Question

A bar magnet of magnetic moment M = 0.5A m2 is under the influence of a magnetic field 8 T. Find the work done (J) to move the magnet from stable to unstable equilibrium position.

Answer 1

Correct Answer: 8

To find the work done in moving a bar magnet from a stable to an unstable equilibrium position in a magnetic field, we need to understand the energy change involved.
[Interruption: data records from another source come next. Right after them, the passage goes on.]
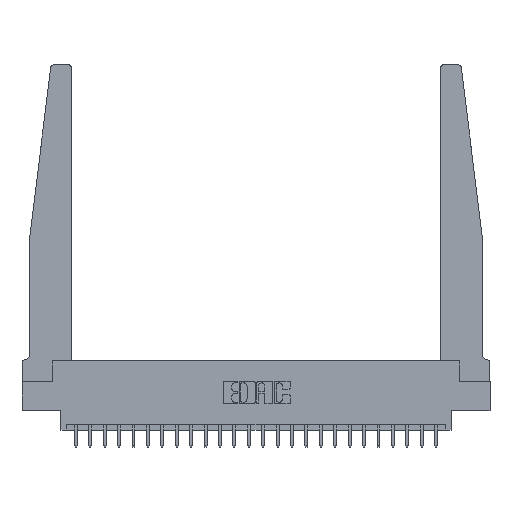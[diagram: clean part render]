
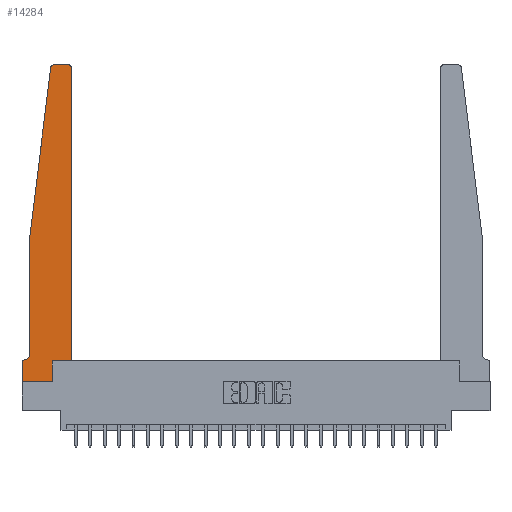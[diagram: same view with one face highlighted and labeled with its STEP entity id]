
A CAD part, top view. The second image highlights one B-rep face of the part: STEP entity #14284.
In plain terms, the highlighted planar face has unit normal (0, 0, 1).
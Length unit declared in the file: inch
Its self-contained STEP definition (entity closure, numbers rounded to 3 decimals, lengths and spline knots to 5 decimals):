
#265 = CARTESIAN_POINT ( 'NONE',  ( 0., 0.1875, 0.37 ) ) ;
#610 = EDGE_CURVE ( 'NONE', #895, #3083, #19677, .T. ) ;
#758 = CARTESIAN_POINT ( 'NONE',  ( 0., 0., 0.37 ) ) ;
#895 = VERTEX_POINT ( 'NONE', #18925 ) ;
#911 = ORIENTED_EDGE ( 'NONE', *, *, #17710, .T. ) ;
#920 = VERTEX_POINT ( 'NONE', #2275 ) ;
#1178 = VECTOR ( 'NONE', #2326, 39.37008 ) ;
#1536 = CIRCLE ( 'NONE', #18570, 0.03 ) ;
#2275 = CARTESIAN_POINT ( 'NONE',  ( 0., 0., 0.37 ) ) ;
#2326 = DIRECTION ( 'NONE',  ( 0., 1., 0. ) ) ;
#2575 = CIRCLE ( 'NONE', #7739, 0.05 ) ;
#2586 = CARTESIAN_POINT ( 'NONE',  ( 0., 0.1875, 0.37 ) ) ;
#2759 = ORIENTED_EDGE ( 'NONE', *, *, #7726, .T. ) ;
#2805 = VECTOR ( 'NONE', #13307, 39.37008 ) ;
#3083 = VERTEX_POINT ( 'NONE', #18771 ) ;
#3256 = CARTESIAN_POINT ( 'NONE',  ( 0.065, 0.1875, 0.37 ) ) ;
#3425 = VECTOR ( 'NONE', #22786, 39.37008 ) ;
#4070 = VERTEX_POINT ( 'NONE', #13759 ) ;
#4095 = VERTEX_POINT ( 'NONE', #23282 ) ;
#4863 = CARTESIAN_POINT ( 'NONE',  ( 0.015, 0.1875, 0.37 ) ) ;
#4951 = CARTESIAN_POINT ( 'NONE',  ( 0.425, 2.72, 0.37 ) ) ;
#5040 = CARTESIAN_POINT ( 'NONE',  ( 0.2605, 0.18, 0.37 ) ) ;
#5254 = AXIS2_PLACEMENT_3D ( 'NONE', #265, #17647, #11945 ) ;
#5285 = VERTEX_POINT ( 'NONE', #4951 ) ;
#5694 = CARTESIAN_POINT ( 'NONE',  ( 0., 0., 0.37 ) ) ;
#5882 = VERTEX_POINT ( 'NONE', #21867 ) ;
#5928 = LINE ( 'NONE', #5694, #2805 ) ;
#5943 = CARTESIAN_POINT ( 'NONE',  ( 0.015, 0.2375, 0.37 ) ) ;
#6813 = LINE ( 'NONE', #758, #7715 ) ;
#7102 = EDGE_CURVE ( 'NONE', #5882, #24479, #7667, .T. ) ;
#7188 = DIRECTION ( 'NONE',  ( 0., 0., 1. ) ) ;
#7220 = DIRECTION ( 'NONE',  ( -1., 0., 0. ) ) ;
#7359 = VERTEX_POINT ( 'NONE', #20639 ) ;
#7397 = ORIENTED_EDGE ( 'NONE', *, *, #610, .T. ) ;
#7667 = LINE ( 'NONE', #9758, #3425 ) ;
#7715 = VECTOR ( 'NONE', #23706, 39.37008 ) ;
#7726 = EDGE_CURVE ( 'NONE', #22615, #4095, #9827, .T. ) ;
#7739 = AXIS2_PLACEMENT_3D ( 'NONE', #5943, #23210, #13817 ) ;
#8202 = PLANE ( 'NONE',  #5254 ) ;
#9403 = AXIS2_PLACEMENT_3D ( 'NONE', #17868, #12292, #12537 ) ;
#9758 = CARTESIAN_POINT ( 'NONE',  ( 0.065, 1.25, 0.37 ) ) ;
#9826 = DIRECTION ( 'NONE',  ( 1., 0., 0. ) ) ;
#9827 = LINE ( 'NONE', #11834, #11979 ) ;
#10222 = EDGE_CURVE ( 'NONE', #3083, #7359, #11712, .T. ) ;
#11659 = LINE ( 'NONE', #19303, #16999 ) ;
#11712 = LINE ( 'NONE', #19233, #24018 ) ;
#11834 = CARTESIAN_POINT ( 'NONE',  ( 0.25, 2.75, 0.37 ) ) ;
#11945 = DIRECTION ( 'NONE',  ( 1., 0., 0. ) ) ;
#11979 = VECTOR ( 'NONE', #21593, 39.37008 ) ;
#12292 = DIRECTION ( 'NONE',  ( 0., 0., 1. ) ) ;
#12537 = DIRECTION ( 'NONE',  ( 1., 0., 0. ) ) ;
#13302 = EDGE_CURVE ( 'NONE', #24479, #23556, #2575, .T. ) ;
#13307 = DIRECTION ( 'NONE',  ( 0., -1., 0. ) ) ;
#13747 = EDGE_LOOP ( 'NONE', ( #2759, #911, #19519, #20454, #16185, #21200, #23513, #14996, #7397, #13756, #15615, #13749 ) ) ;
#13749 = ORIENTED_EDGE ( 'NONE', *, *, #14633, .T. ) ;
#13756 = ORIENTED_EDGE ( 'NONE', *, *, #10222, .T. ) ;
#13759 = CARTESIAN_POINT ( 'NONE',  ( 0.24675, 2.72367, 0.37 ) ) ;
#13786 = CARTESIAN_POINT ( 'NONE',  ( 0.425, 0.18, 0.37 ) ) ;
#13817 = DIRECTION ( 'NONE',  ( -1., 0., 0. ) ) ;
#14284 = ADVANCED_FACE ( 'NONE', ( #17174 ), #8202, .T. ) ;
#14409 = EDGE_CURVE ( 'NONE', #920, #895, #6813, .T. ) ;
#14633 = EDGE_CURVE ( 'NONE', #5285, #22615, #1536, .T. ) ;
#14834 = LINE ( 'NONE', #3256, #24448 ) ;
#14996 = ORIENTED_EDGE ( 'NONE', *, *, #14409, .T. ) ;
#15031 = CARTESIAN_POINT ( 'NONE',  ( 0.065, 0.2375, 0.37 ) ) ;
#15615 = ORIENTED_EDGE ( 'NONE', *, *, #19526, .T. ) ;
#15868 = CARTESIAN_POINT ( 'NONE',  ( 0.395, 2.75, 0.37 ) ) ;
#15889 = LINE ( 'NONE', #13786, #1178 ) ;
#16185 = ORIENTED_EDGE ( 'NONE', *, *, #13302, .T. ) ;
#16711 = VECTOR ( 'NONE', #18088, 39.37008 ) ;
#16977 = CIRCLE ( 'NONE', #9403, 0.03 ) ;
#16999 = VECTOR ( 'NONE', #19429, 39.37008 ) ;
#17174 = FACE_OUTER_BOUND ( 'NONE', #13747, .T. ) ;
#17402 = EDGE_CURVE ( 'NONE', #23556, #22205, #14834, .T. ) ;
#17647 = DIRECTION ( 'NONE',  ( 0., 0., 1. ) ) ;
#17710 = EDGE_CURVE ( 'NONE', #4095, #4070, #16977, .T. ) ;
#17868 = CARTESIAN_POINT ( 'NONE',  ( 0.27653, 2.72, 0.37 ) ) ;
#18088 = DIRECTION ( 'NONE',  ( 0., 1., 0. ) ) ;
#18257 = EDGE_CURVE ( 'NONE', #4070, #5882, #11659, .T. ) ;
#18570 = AXIS2_PLACEMENT_3D ( 'NONE', #22322, #7188, #22442 ) ;
#18771 = CARTESIAN_POINT ( 'NONE',  ( 0.2605, 0.18, 0.37 ) ) ;
#18925 = CARTESIAN_POINT ( 'NONE',  ( 0.2605, 0., 0.37 ) ) ;
#19233 = CARTESIAN_POINT ( 'NONE',  ( 0.425, 0.18, 0.37 ) ) ;
#19303 = CARTESIAN_POINT ( 'NONE',  ( 0.065, 1.25, 0.37 ) ) ;
#19429 = DIRECTION ( 'NONE',  ( -0.122, -0.992, 0. ) ) ;
#19519 = ORIENTED_EDGE ( 'NONE', *, *, #18257, .T. ) ;
#19526 = EDGE_CURVE ( 'NONE', #7359, #5285, #15889, .T. ) ;
#19677 = LINE ( 'NONE', #5040, #16711 ) ;
#20454 = ORIENTED_EDGE ( 'NONE', *, *, #7102, .T. ) ;
#20639 = CARTESIAN_POINT ( 'NONE',  ( 0.425, 0.18, 0.37 ) ) ;
#21200 = ORIENTED_EDGE ( 'NONE', *, *, #17402, .T. ) ;
#21593 = DIRECTION ( 'NONE',  ( -1., 0., 0. ) ) ;
#21867 = CARTESIAN_POINT ( 'NONE',  ( 0.065, 1.25, 0.37 ) ) ;
#22205 = VERTEX_POINT ( 'NONE', #2586 ) ;
#22322 = CARTESIAN_POINT ( 'NONE',  ( 0.395, 2.72, 0.37 ) ) ;
#22442 = DIRECTION ( 'NONE',  ( 1., 0., 0. ) ) ;
#22615 = VERTEX_POINT ( 'NONE', #15868 ) ;
#22786 = DIRECTION ( 'NONE',  ( 0., -1., 0. ) ) ;
#23141 = EDGE_CURVE ( 'NONE', #22205, #920, #5928, .T. ) ;
#23210 = DIRECTION ( 'NONE',  ( 0., 0., -1. ) ) ;
#23282 = CARTESIAN_POINT ( 'NONE',  ( 0.27653, 2.75, 0.37 ) ) ;
#23513 = ORIENTED_EDGE ( 'NONE', *, *, #23141, .T. ) ;
#23556 = VERTEX_POINT ( 'NONE', #4863 ) ;
#23706 = DIRECTION ( 'NONE',  ( 1., 0., 0. ) ) ;
#24018 = VECTOR ( 'NONE', #9826, 39.37008 ) ;
#24448 = VECTOR ( 'NONE', #7220, 39.37008 ) ;
#24479 = VERTEX_POINT ( 'NONE', #15031 ) ;

The potential energy \(U\) of a magnetic dipole in a magnetic field is given by:

\[ U = -M \cdot B \cdot \cos(\theta) \]

where:

• \(M\) is the magnetic moment of the bar magnet (0.5 A·m²).
• \(B\) is the magnetic field strength (8 T).
• \(\theta\) is the angle between the magnetic moment and the magnetic field direction.

In a stable equilibrium, \(\theta = 0^\circ\) (cos(0) = 1), so the initial potential energy \(U_{\text{stable}}\) is:

\[ U_{\text{stable}} = -M \cdot B \cdot \cos(0^\circ) = -0.5 \cdot 8 \cdot 1 = -4 \, \text{J} \]

In an unstable equilibrium, \(\theta = 180^\circ\) (cos(180) = -1), so the potential energy \(U_{\text{unstable}}\) is:

\[ U_{\text{unstable}} = -M \cdot B \cdot \cos(180^\circ) = -0.5 \cdot 8 \cdot (-1) = 4 \, \text{J} \]

The work done \(W\) in moving the magnet from stable to unstable equilibrium is the change in potential energy:

\[ W = U_{\text{unstable}} - U_{\text{stable}} = 4 - (-4) = 8 \, \text{J} \]

Thus, the work done is 8 J, which falls within the expected range of 8,8. The solution is correct and verified.